Last April, the NSF awarded Cornell $88.2 million for the operation of CESR over 54 months.

CESR serves the CLEO collaboration, formed in 1977 to exploit the high energy collisions to study heavy quarks and lepton physics. The collaboration numbers about 200 physicists from 25 institutions. The byproduct X-ray radiation that is produced by the circulating beams also serves a community of materials scientists and molecular biologists through the Cornell High Energy Synchrotron Source (CHESS), which shares Wilson Laboratory with LNS.

Looking to the future, Tigner sees several possible scenarios. One is that CHESS, "which is certainly going to expand," would take over CESR and dedicate it to synchrotron radiation. Another possibility is that LNS would build another ring more specifically directed to particle physics experiments. The first scenario, he said, would help answer "compelling questions about life processes." The latter scenario would help exploit the frontier area of heavy flavor physics using the b quark. In particular there is the currently hot topic in particle physics, known as charge conjugation parity (cp) violation, believed to relate very closely to cosmology.
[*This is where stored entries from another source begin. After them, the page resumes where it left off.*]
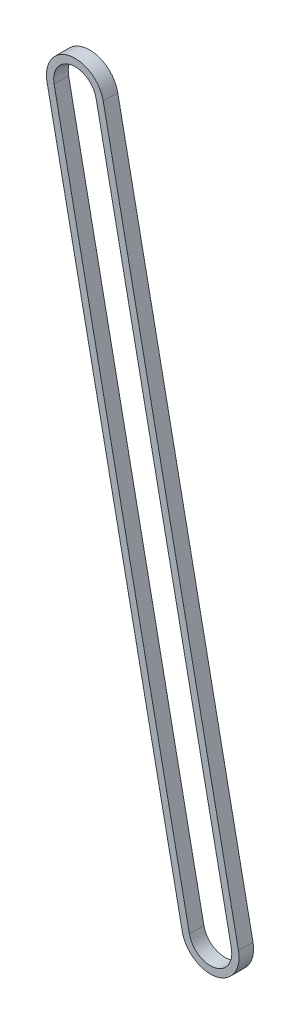
SolidWorks part; units mm, degrees
ref_plane "Front Plane" through (0, 0, 0) normal (0, 0, 1) x (1, 0, 0)
ref_plane "Top Plane" through (0, 0, 0) normal (0, 1, 0) x (1, 0, 0)
ref_plane "Right Plane" through (0, 0, 0) normal (1, 0, 0) x (0, 0, -1)
sketch "Sketch2" plane through (0, 0, 0) normal (0, 0, 1) x (1, 0, 0)
  line L0 (0, 0) -> (1, 0) construction
  line L1 (0, 0) -> (0, 1) construction
  line L2 (5.7827, 1.1705) -> (43.0288, -182.8403)
  line L3 (31.4633, -185.1813) -> (-5.7827, -1.1705)
  arc A0 (-5.7827, -1.1705) -> (5.7827, 1.1705) centre (0, 0) cw
  arc A1 (43.0288, -182.8403) -> (31.4633, -185.1813) centre (37.246, -184.0108) cw
sketch "Sketch3" plane through (0, 0, 0) normal (0, 0, 1) x (1, 0, 0)
  line L4 (44.989, -182.4436) -> (7.743, 1.5673)
  line L5 (-7.743, -1.5673) -> (29.503, -185.5781)
  line L6 (44.989, -182.4436) -> (7.743, 1.5673)
  line L7 (-7.743, -1.5673) -> (29.503, -185.5781)
  arc A4 (7.743, 1.5673) -> (-7.743, -1.5673) centre (0, 0) ccw
  arc A5 (29.503, -185.5781) -> (44.989, -182.4436) centre (37.246, -184.0108) ccw
  arc A6 (7.743, 1.5673) -> (-7.743, -1.5673) centre (0, 0) ccw
  arc A7 (29.503, -185.5781) -> (44.989, -182.4436) centre (37.246, -184.0108) ccw
  dimension "D1" = 2
extrude "Boss-Extrude1" add sketch "Sketch3" along normal blind 4
sketch "Sketch4" plane through (0, 0, 4) normal (0, 0, 1) x (1, 0, 0)
  line L4 (43.0288, -182.8403) -> (5.7827, 1.1705)
  line L5 (-5.7827, -1.1705) -> (31.4633, -185.1813)
  line L6 (43.0288, -182.8403) -> (5.7827, 1.1705)
  line L7 (-5.7827, -1.1705) -> (31.4633, -185.1813)
  arc A4 (31.4633, -185.1813) -> (43.0288, -182.8403) centre (37.246, -184.0108) ccw
  arc A5 (5.7827, 1.1705) -> (-5.7827, -1.1705) centre (0, 0) ccw
  arc A6 (31.4633, -185.1813) -> (43.0288, -182.8403) centre (37.246, -184.0108) ccw
  arc A7 (5.7827, 1.1705) -> (-5.7827, -1.1705) centre (0, 0) ccw
  dimension "D1" = 2
extrude "Cut-Extrude1" cut sketch "Sketch4" against normal blind 4

"One thing I find particularly attractive is this idea of closing the gap between cosmology and elementary particle physics. Somehow, in the end, the most fundamental interactions have to explain the evolution of the universe. Right now there's still a very big gap: Why on earth are we here? Why is there any matter at all? Maybe cp violation holds the secret."

Tigner attended Webb Institute of Naval Architecture for two years before transferring to Rensselaer Polytechnic Institute, from which he graduated in 1958 with a B.S. in physics. He obtained his Ph.D. at Cornell in 1962, working under Robert Wilson. He has remained at Cornell for most of his career, interrupted by visiting appointments at the Deutches Elektronen Synchrotron in Hamburg, Germany, from 1972 to 1973 and again in 1993, and as the director of the Superconducting Super Collider Central Design Group at Berkeley, Calif., from 1984 to 1989.

The new LNS director is a fellow of the APS and the American Academy of Arts and Sciences and a member of the National Academy of Sciences. He has received the U.S. Department of Energy Distinguished Associate Award, the U.S. Particle Accelerator School Prize for Achievement in Accelerator Physics and Technology and the E.O. Lawrence Memorial Prize.